April 20, 2013
When it comes to estate planning, many people are confused about what happens to their credit card debt when they die. Clients tell their estate planning lawyers that they thought the debt would be forgiven, for example. Unfortunately, this isn’t truly the case, so it’s a good idea to understand what will happen to your estate and the assets you plan to leave to your loved ones.
First of all, your estate will be expected to pay off credit card debt when you die. In fact, whatever you leave behind will first be used to pay for any outstanding debt. Creditors of all kinds will have first crack at what you (or your heirs) will have. Contacting the creditors and getting these debts paid off is one of the most important jobs of the executor of your estate.
However, credit cards aren’t necessarily the first thing that will be paid off, but they are definitely on the list. If your estate doesn’t have the necessary assets to pay, then other courses of action may be available to those trying to collect on the debt. If there is another name on the account, for example, they can go after that person for an outstanding balance.

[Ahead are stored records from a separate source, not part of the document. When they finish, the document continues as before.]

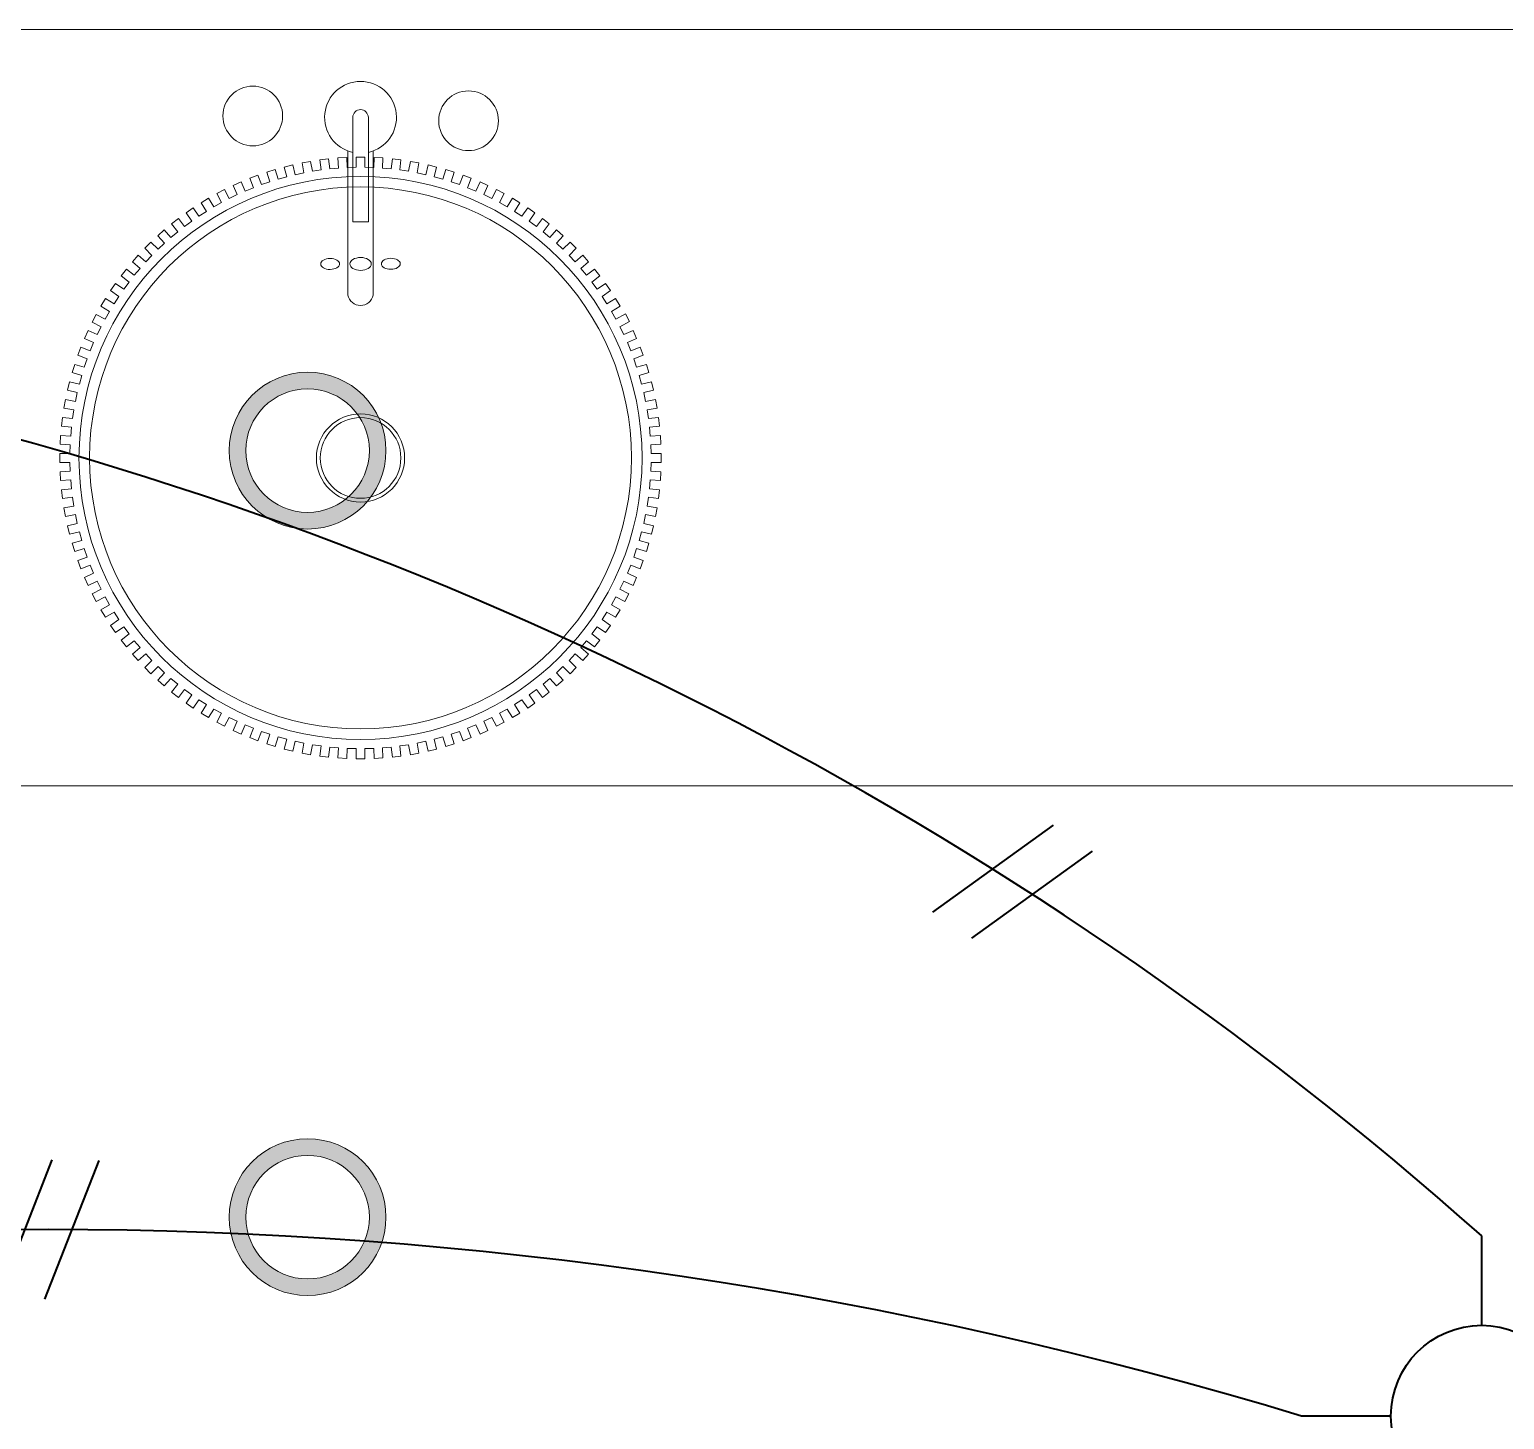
# Model space of a CAD drawing. Header units: metres. Extents: x 14 to 2416, y -346 to 476.
# Drawn here: x 141.299 to 142.47, y -67.374 to -66.271 of the extents above; entities that cross this region are included whole.
import ezdxf

# ---------------------------------------------------------------- set-up
doc = ezdxf.new("R2010")
doc.units = ezdxf.units.M
doc.linetypes.add('0', pattern=[0])
doc.layers.get('0').update_dxf_attribs({"linetype": '0', "lineweight": 20})
for name, color, linetype, lineweight in [('A-ANNO-TEXT', 20, 'Continuous', 13), ('A-DOOR', 35, 'Continuous', 5), ('baños', 251, 'Continuous', 0), ('E Salida Luces', 22, 'Continuous', 40), ('E Tuberia Emp Losa', 22, 'Continuous', 40), ('MAVA -LUMINARIAS', 1, 'Continuous', 18)]:
    doc.layers.add(name, color=color, linetype=linetype, lineweight=lineweight)
doc.layers.add('MAVA Luminarias', color=1, linetype='Continuous')
doc.styles.get("Standard").update_dxf_attribs({"font": 'arial.ttf', "height": 0.1875})

# ---------------------------------------------------------------- blocks, each defined once
blk = doc.blocks.new('downlight')
at = {"layer": 'MAVA -LUMINARIAS'}
h = blk.add_hatch(color=3, dxfattribs=at)
h.dxf.hatch_style = 1
h.paths.add_polyline_path([(-5.416, -22.4571, 1), (-5.2917, -22.4571, 1)])
h.paths.add_polyline_path([(-5.3048, -22.4571, -1), (-5.4029, -22.4571, -1)], flags=16)
at = {"layer": 'MAVA -LUMINARIAS', "color": 3}
for radius in [0.0622, 0.049]:
    blk.add_circle((-5.3539, -22.4571), radius, dxfattribs=at)
blk = doc.blocks.new('PL BASE 2N NASAS 09')
at = {"layer": 'A-DOOR'}
blk.add_line((166.3576, -5.4117), (169.0876, -5.4117), dxfattribs=at)
at = {"layer": 'baños', "linetype": 'Continuous'}
blk.add_line((167.1391, -5.4814, 0.0001), (167.1391, -5.5643, 0.0004), dxfattribs=at)
at = {"layer": 'baños'}
for p, q in [((167.0651, -5.5228), (167.0586, -5.5248)), ((167.0586, -5.5248), (167.0651, -5.5228)), ((167.0675, -5.5304), (167.0651, -5.5228)), ((167.0651, -5.5228), (167.0675, -5.5304)), ((167.0791, -5.5191), (167.0724, -5.5208)), ((167.0724, -5.5208), (167.0791, -5.5191)), ((167.0724, -5.5208), (167.0743, -5.5285)), ((167.0743, -5.5285), (167.0724, -5.5208)), ((167.081, -5.5269), (167.0791, -5.5191)), ((167.0791, -5.5191), (167.081, -5.5269)), ((167.0932, -5.5163), (167.0865, -5.5175)), ((167.0865, -5.5175), (167.0932, -5.5163)), ((167.0865, -5.5175), (167.0879, -5.5254)), ((167.0879, -5.5254), (167.0865, -5.5175)), ((167.0947, -5.5242), (167.0932, -5.5163)), ((167.0932, -5.5163), (167.0947, -5.5242)), ((167.1016, -5.5231), (167.0947, -5.5242)), ((167.0947, -5.5242), (167.1016, -5.5231)), ((167.1075, -5.5143), (167.1007, -5.5152)), ((167.1007, -5.5152), (167.1075, -5.5143)), ((167.1007, -5.5152), (167.1016, -5.5231)), ((167.1016, -5.5231), (167.1007, -5.5152)), ((167.1085, -5.5223), (167.1075, -5.5143)), ((167.1075, -5.5143), (167.1085, -5.5223)), ((167.1155, -5.5216), (167.1085, -5.5223)), ((167.1085, -5.5223), (167.1155, -5.5216)), ((167.1219, -5.5132), (167.115, -5.5136)), ((167.115, -5.5136), (167.1219, -5.5132)), ((167.115, -5.5136), (167.1155, -5.5216)), ((167.1155, -5.5216), (167.115, -5.5136)), ((167.1224, -5.5212), (167.1219, -5.5132)), ((167.1219, -5.5132), (167.1224, -5.5212)), ((167.1294, -5.521), (167.1224, -5.5212)), ((167.1224, -5.5212), (167.1294, -5.521)), ((167.1363, -5.513), (167.1294, -5.513)), ((167.1294, -5.513), (167.1294, -5.521)), ((167.1294, -5.521), (167.1294, -5.513)), ((167.1294, -5.513), (167.1363, -5.513)), ((167.1363, -5.521), (167.1363, -5.513)), ((167.1363, -5.513), (167.1363, -5.521)), ((167.1434, -5.5212), (167.1363, -5.521)), ((167.1363, -5.521), (167.1434, -5.5212)), ((167.1438, -5.5132), (167.1434, -5.5212)), ((167.1434, -5.5212), (167.1438, -5.5132)), ((167.1507, -5.5136), (167.1438, -5.5132)), ((167.1438, -5.5132), (167.1507, -5.5136)), ((167.1502, -5.5216), (167.1507, -5.5136)), ((167.1507, -5.5136), (167.1502, -5.5216)), ((167.1572, -5.5223), (167.1502, -5.5216)), ((167.1502, -5.5216), (167.1572, -5.5223)), ((167.1582, -5.5143), (167.1572, -5.5223)), ((167.1572, -5.5223), (167.1582, -5.5143)), ((167.165, -5.5152), (167.1582, -5.5143)), ((167.1582, -5.5143), (167.165, -5.5152)), ((167.1641, -5.5231), (167.165, -5.5152)), ((167.165, -5.5152), (167.1641, -5.5231)), ((167.171, -5.5242), (167.1641, -5.5231)), ((167.1641, -5.5231), (167.171, -5.5242)), ((167.1725, -5.5163), (167.171, -5.5242)), ((167.171, -5.5242), (167.1725, -5.5163)), ((167.1792, -5.5175), (167.1725, -5.5163)), ((167.1725, -5.5163), (167.1792, -5.5175)), ((167.1778, -5.5254), (167.1792, -5.5175)), ((167.1792, -5.5175), (167.1778, -5.5254)), ((167.1866, -5.5191), (167.1847, -5.5269)), ((167.1847, -5.5269), (167.1866, -5.5191)), ((167.1933, -5.5208), (167.1866, -5.5191)), ((167.1866, -5.5191), (167.1933, -5.5208)), ((167.1914, -5.5285), (167.1933, -5.5208)), ((167.1933, -5.5208), (167.1914, -5.5285)), ((167.2006, -5.5228), (167.1982, -5.5304)), ((167.1982, -5.5304), (167.2006, -5.5228)), ((167.2071, -5.5248), (167.2006, -5.5228)), ((167.2006, -5.5228), (167.2071, -5.5248)), ((167.0381, -5.5326), (167.0318, -5.5354)), ((167.0318, -5.5354), (167.0381, -5.5326)), ((167.0318, -5.5354), (167.0351, -5.5427)), ((167.0351, -5.5427), (167.0318, -5.5354)), ((167.0413, -5.5399), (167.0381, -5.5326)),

This is important to note if you’ve put your adult child on any of your accounts. Doing so is a fairly common practice, as it can make it easier for the adult child if they are helping by picking up groceries, paying bills, etc. By having them on your accounts, they can simply use their own cards for your purchases.
Unfortunately, if and when you pass away, they could become responsible for the entire balance on any of those accounts. Having them on bank accounts could even have tax implications. It is really a good idea to work with a Sacramento estates attorney in order to determine what the state and federal laws are as they apply to your situation. One possibility is to have the adult child or other caregiver listed on the account as an “authorized user.”
Just what funds are used to pay off outstanding credit card debt after death can vary. In most cases, for example, retirement accounts such as IRA and 401(k) plans with a specific beneficiary are not considered part of the estate. Those funds pass directly to the named party and do not go through probate and are not available to pay creditors. This may also be the case with life insurance policies. Things can get a bit more complicated when talking about real estate or jointly held assets, however. For example, can one spouse be forced to sell a home that has been inherited by a partner who had a large credit card debt in his or her name?
Laws regarding this and similar issues vary from state to state, which means that your best bet is to work with a Sacramento estates attorney to determine what our laws mean for you and your estate.